Tidak dapat menemukan pembuat kebisingan, mereka menjelajahi suatu habitat, berharap menemukan hexapod di dalamnya.
“Kami menemukannya dengan mengambil segenggam penuh serasah daun dan memasukkannya ke dalam kantong plastik bening dan dengan sangat perlahan menelusuri serasah daun demi daun hingga kami melihat katak kecil itu melompat dari salah satu daun tersebut,” katanya. .
Mengambil gambar membutuhkan usaha yang cukup – katak dapat melompat 30 kali panjangnya. Setelah melompat-lompat sebentar, mereka beristirahat cukup lama untuk satu atau dua kali close-up, kata Austin.
Ekspedisi mereka, yang disponsori oleh National Science Foundation, kemudian menemukan spesies katak kecil baru lainnya yang ditemukan lebih jauh ke barat di sepanjang pantai pulau itu. Yang satu lagi berkerabat dekat, tapi satu milimeter lebih besar, dan namanya berbeda.
Austin memperkirakan bahwa mereka menemukan 20 spesies yang sebelumnya tidak diketahui di New Guinea, yang merupakan pusat keanekaragaman sehingga menurut para ilmuwan mereka hanya mampu mendeskripsikan sekitar enam persepuluh dari seluruh spesies yang hidup di sana.
Maurice Kottelat, seorang ilmuwan Swiss yang menemukan ikan mas kecil bernama Paedocypris progenetica, menulis dalam email bahwa sulit membandingkan katak dan ikan karena ukurannya berbeda: katak dari ujung hidung hingga lubang ekskresi, dan ikan dari hidung. ke ekor.
“Tidak terlalu menarik untuk mengetahui apa sebenarnya yang terkecil. Besok akan ada lagi yang terkecil lagi,” tulisnya.

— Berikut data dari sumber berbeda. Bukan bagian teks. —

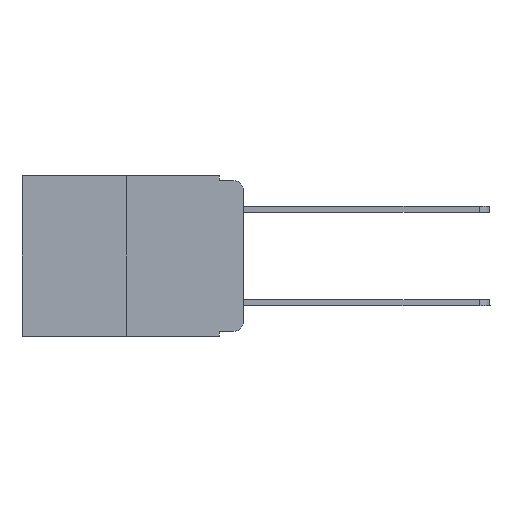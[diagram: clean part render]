
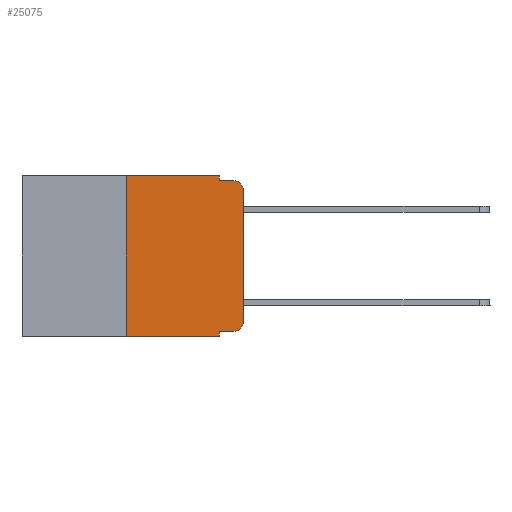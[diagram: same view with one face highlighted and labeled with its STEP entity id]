
A CAD part, left-side view. The second image highlights one B-rep face of the part: STEP entity #25075.
In plain terms, the highlighted planar face has unit normal (-1, 0, 0).
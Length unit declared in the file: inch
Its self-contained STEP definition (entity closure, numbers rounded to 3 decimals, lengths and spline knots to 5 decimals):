
#513 = EDGE_CURVE ( 'NONE', #22769, #20988, #19067, .T. ) ;
#535 = VERTEX_POINT ( 'NONE', #18542 ) ;
#1172 = LINE ( 'NONE', #25463, #25221 ) ;
#1304 = DIRECTION ( 'NONE',  ( -1., 0., 0. ) ) ;
#2536 = DIRECTION ( 'NONE',  ( 0., 0., 1. ) ) ;
#2894 = ORIENTED_EDGE ( 'NONE', *, *, #513, .F. ) ;
#3214 = DIRECTION ( 'NONE',  ( 0., -1., 0. ) ) ;
#3218 = CARTESIAN_POINT ( 'NONE',  ( 0., 0.473, 0. ) ) ;
#3875 = EDGE_CURVE ( 'NONE', #535, #24315, #8916, .T. ) ;
#4436 = LINE ( 'NONE', #15460, #14251 ) ;
#4569 = EDGE_CURVE ( 'NONE', #15605, #16134, #5755, .T. ) ;
#4752 = VECTOR ( 'NONE', #2536, 39.37008 ) ;
#4957 = PLANE ( 'NONE',  #10544 ) ;
#5370 = CIRCLE ( 'NONE', #13051, 0.02 ) ;
#5755 = LINE ( 'NONE', #10307, #20091 ) ;
#5814 = LINE ( 'NONE', #13947, #25341 ) ;
#5822 = EDGE_CURVE ( 'NONE', #19301, #16134, #1172, .T. ) ;
#6204 = CARTESIAN_POINT ( 'NONE',  ( 0., 0.25, -0.343 ) ) ;
#7446 = DIRECTION ( 'NONE',  ( 0., -1., 0. ) ) ;
#7991 = EDGE_CURVE ( 'NONE', #10154, #24315, #4436, .T. ) ;
#8204 = EDGE_LOOP ( 'NONE', ( #25004, #26255, #11168, #9233, #2894, #10619, #19956, #17865, #19805, #23731 ) ) ;
#8494 = DIRECTION ( 'NONE',  ( 0., -1., 0. ) ) ;
#8916 = CIRCLE ( 'NONE', #16125, 0.02 ) ;
#9233 = ORIENTED_EDGE ( 'NONE', *, *, #12545, .F. ) ;
#9406 = DIRECTION ( 'NONE',  ( 0., -1., 0. ) ) ;
#9407 = CARTESIAN_POINT ( 'NONE',  ( 0., 0.02, -0.03 ) ) ;
#9546 = DIRECTION ( 'NONE',  ( 0., 0., -1. ) ) ;
#10154 = VERTEX_POINT ( 'NONE', #21547 ) ;
#10218 = CARTESIAN_POINT ( 'NONE',  ( 0., 0.02, -0.01 ) ) ;
#10307 = CARTESIAN_POINT ( 'NONE',  ( 0., 0.051, 0. ) ) ;
#10544 = AXIS2_PLACEMENT_3D ( 'NONE', #3218, #13473, #21159 ) ;
#10619 = ORIENTED_EDGE ( 'NONE', *, *, #19129, .F. ) ;
#10684 = VERTEX_POINT ( 'NONE', #13716 ) ;
#11168 = ORIENTED_EDGE ( 'NONE', *, *, #7991, .F. ) ;
#12483 = CARTESIAN_POINT ( 'NONE',  ( 0., 0.473, 0. ) ) ;
#12545 = EDGE_CURVE ( 'NONE', #20988, #10154, #5814, .T. ) ;
#13051 = AXIS2_PLACEMENT_3D ( 'NONE', #19226, #15663, #9546 ) ;
#13402 = CARTESIAN_POINT ( 'NONE',  ( 0., 0.051, -0.333 ) ) ;
#13473 = DIRECTION ( 'NONE',  ( 1., 0., 0. ) ) ;
#13716 = CARTESIAN_POINT ( 'NONE',  ( 0., 0., -0.313 ) ) ;
#13745 = VECTOR ( 'NONE', #8494, 39.37008 ) ;
#13922 = CARTESIAN_POINT ( 'NONE',  ( 0., 0.051, 0. ) ) ;
#13947 = CARTESIAN_POINT ( 'NONE',  ( 0., 0.051, 0. ) ) ;
#14251 = VECTOR ( 'NONE', #3214, 39.37008 ) ;
#14328 = VERTEX_POINT ( 'NONE', #20962 ) ;
#15011 = CARTESIAN_POINT ( 'NONE',  ( 0., 0.25, 0. ) ) ;
#15038 = LINE ( 'NONE', #23128, #19168 ) ;
#15460 = CARTESIAN_POINT ( 'NONE',  ( 0., 0.051, -0.01 ) ) ;
#15605 = VERTEX_POINT ( 'NONE', #13402 ) ;
#15663 = DIRECTION ( 'NONE',  ( -1., 0., 0. ) ) ;
#15947 = DIRECTION ( 'NONE',  ( 0., 0., -1. ) ) ;
#16125 = AXIS2_PLACEMENT_3D ( 'NONE', #9407, #1304, #24005 ) ;
#16134 = VERTEX_POINT ( 'NONE', #21189 ) ;
#16372 = LINE ( 'NONE', #20608, #4752 ) ;
#17132 = EDGE_CURVE ( 'NONE', #15605, #14328, #25629, .T. ) ;
#17865 = ORIENTED_EDGE ( 'NONE', *, *, #4569, .F. ) ;
#18542 = CARTESIAN_POINT ( 'NONE',  ( 0., 0., -0.03 ) ) ;
#19067 = LINE ( 'NONE', #12483, #13745 ) ;
#19129 = EDGE_CURVE ( 'NONE', #19301, #22769, #15038, .T. ) ;
#19168 = VECTOR ( 'NONE', #19374, 39.37008 ) ;
#19226 = CARTESIAN_POINT ( 'NONE',  ( 0., 0.02, -0.313 ) ) ;
#19289 = FACE_OUTER_BOUND ( 'NONE', #8204, .T. ) ;
#19301 = VERTEX_POINT ( 'NONE', #6204 ) ;
#19374 = DIRECTION ( 'NONE',  ( 0., 0., 1. ) ) ;
#19805 = ORIENTED_EDGE ( 'NONE', *, *, #17132, .T. ) ;
#19956 = ORIENTED_EDGE ( 'NONE', *, *, #5822, .T. ) ;
#20091 = VECTOR ( 'NONE', #26086, 39.37008 ) ;
#20187 = EDGE_CURVE ( 'NONE', #10684, #535, #16372, .T. ) ;
#20608 = CARTESIAN_POINT ( 'NONE',  ( 0., 0., 0. ) ) ;
#20962 = CARTESIAN_POINT ( 'NONE',  ( 0., 0.02, -0.333 ) ) ;
#20988 = VERTEX_POINT ( 'NONE', #13922 ) ;
#21159 = DIRECTION ( 'NONE',  ( 0., 0., -1. ) ) ;
#21189 = CARTESIAN_POINT ( 'NONE',  ( 0., 0.051, -0.343 ) ) ;
#21547 = CARTESIAN_POINT ( 'NONE',  ( 0., 0.051, -0.01 ) ) ;
#22769 = VERTEX_POINT ( 'NONE', #15011 ) ;
#22936 = VECTOR ( 'NONE', #7446, 39.37008 ) ;
#23128 = CARTESIAN_POINT ( 'NONE',  ( 0., 0.25, 0. ) ) ;
#23731 = ORIENTED_EDGE ( 'NONE', *, *, #24245, .T. ) ;
#23786 = CARTESIAN_POINT ( 'NONE',  ( 0., 0.051, -0.333 ) ) ;
#24005 = DIRECTION ( 'NONE',  ( 0., 0., -1. ) ) ;
#24245 = EDGE_CURVE ( 'NONE', #14328, #10684, #5370, .T. ) ;
#24315 = VERTEX_POINT ( 'NONE', #10218 ) ;
#25004 = ORIENTED_EDGE ( 'NONE', *, *, #20187, .T. ) ;
#25075 = ADVANCED_FACE ( 'NONE', ( #19289 ), #4957, .F. ) ;
#25221 = VECTOR ( 'NONE', #9406, 39.37008 ) ;
#25341 = VECTOR ( 'NONE', #15947, 39.37008 ) ;
#25463 = CARTESIAN_POINT ( 'NONE',  ( 0., 0.473, -0.343 ) ) ;
#25629 = LINE ( 'NONE', #23786, #22936 ) ;
#26086 = DIRECTION ( 'NONE',  ( 0., 0., -1. ) ) ;
#26255 = ORIENTED_EDGE ( 'NONE', *, *, #3875, .T. ) ;
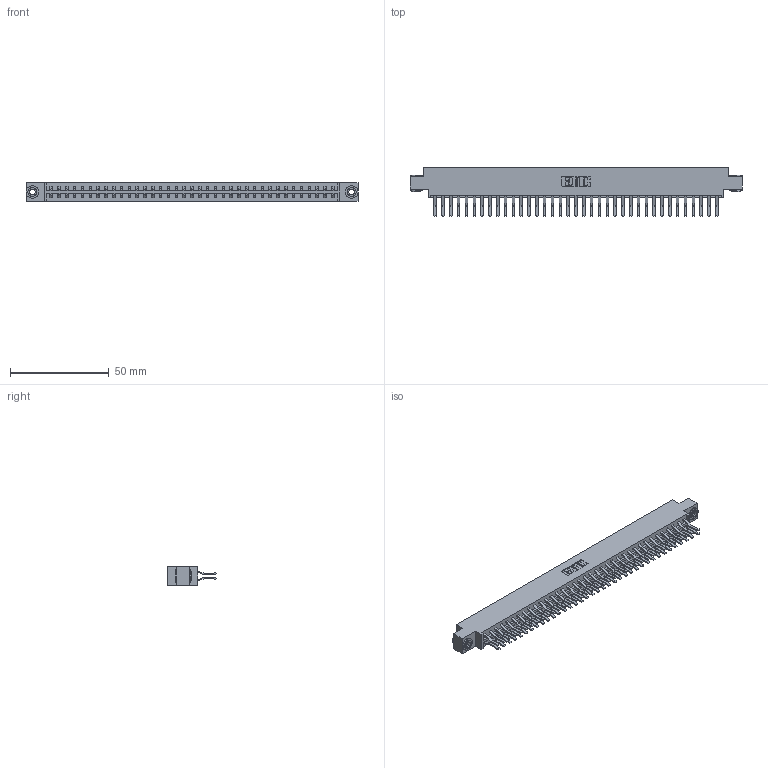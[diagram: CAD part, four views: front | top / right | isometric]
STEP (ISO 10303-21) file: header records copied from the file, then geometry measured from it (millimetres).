
FILE_DESCRIPTION (( 'STEP AP203' ), '1' );
FILE_NAME ('333-074-560-803.STEP', '2018-08-04T22:30:32', ( '' ), ( '' ), 'SwSTEP 2.0', 'SolidWorks 2016', '' );
FILE_SCHEMA (( 'CONFIG_CONTROL_DESIGN' ));
Length unit declared in the file: inch
Products named in the file (4): 333 Part_Offset - .156 Dia - TH; 345-292-001_560 Tail; 345-250-002_345-250-002-102; 333-074-560-803
Assembly tree (77 placements, depth 2):
  333-074-560-803
    333 Part_Offset - .156 Dia - TH
    345-292-001_560 Tail  x74
    345-250-002_345-250-002-102  x2
Bounding box: 168.15 x 24.78 x 9.4 mm (x, y, z)
Volume: 17396.8 mm3; surface area: 22339 mm2
Topology: 77 solids, 77 shells, 4152 faces, 12313 edges, 8106 vertices
Faces by surface type: plane 2748, cylinder 1396, cone 8
Entity records: 25320 total; most frequent: CARTESIAN_POINT 4181, ORIENTED_EDGE 4110, DIRECTION 3617, EDGE_CURVE 2055, LINE 1899, VECTOR 1899, VERTEX_POINT 1366, AXIS2_PLACEMENT_3D 859

Dia menutup emailnya yang panjang, “Saya punya kekhawatiran besar. Bukan kapan kita akan menemukan hal terkecil berikutnya, tapi apakah habitat tempat untuk menemukannya akan tetap ada. Atau berapa lama habitat tersebut akan bertahan.
“Sejak ditemukannya Paedocypris, sebagian besar rawa gambut rapuh yang dihuninya telah hancur.”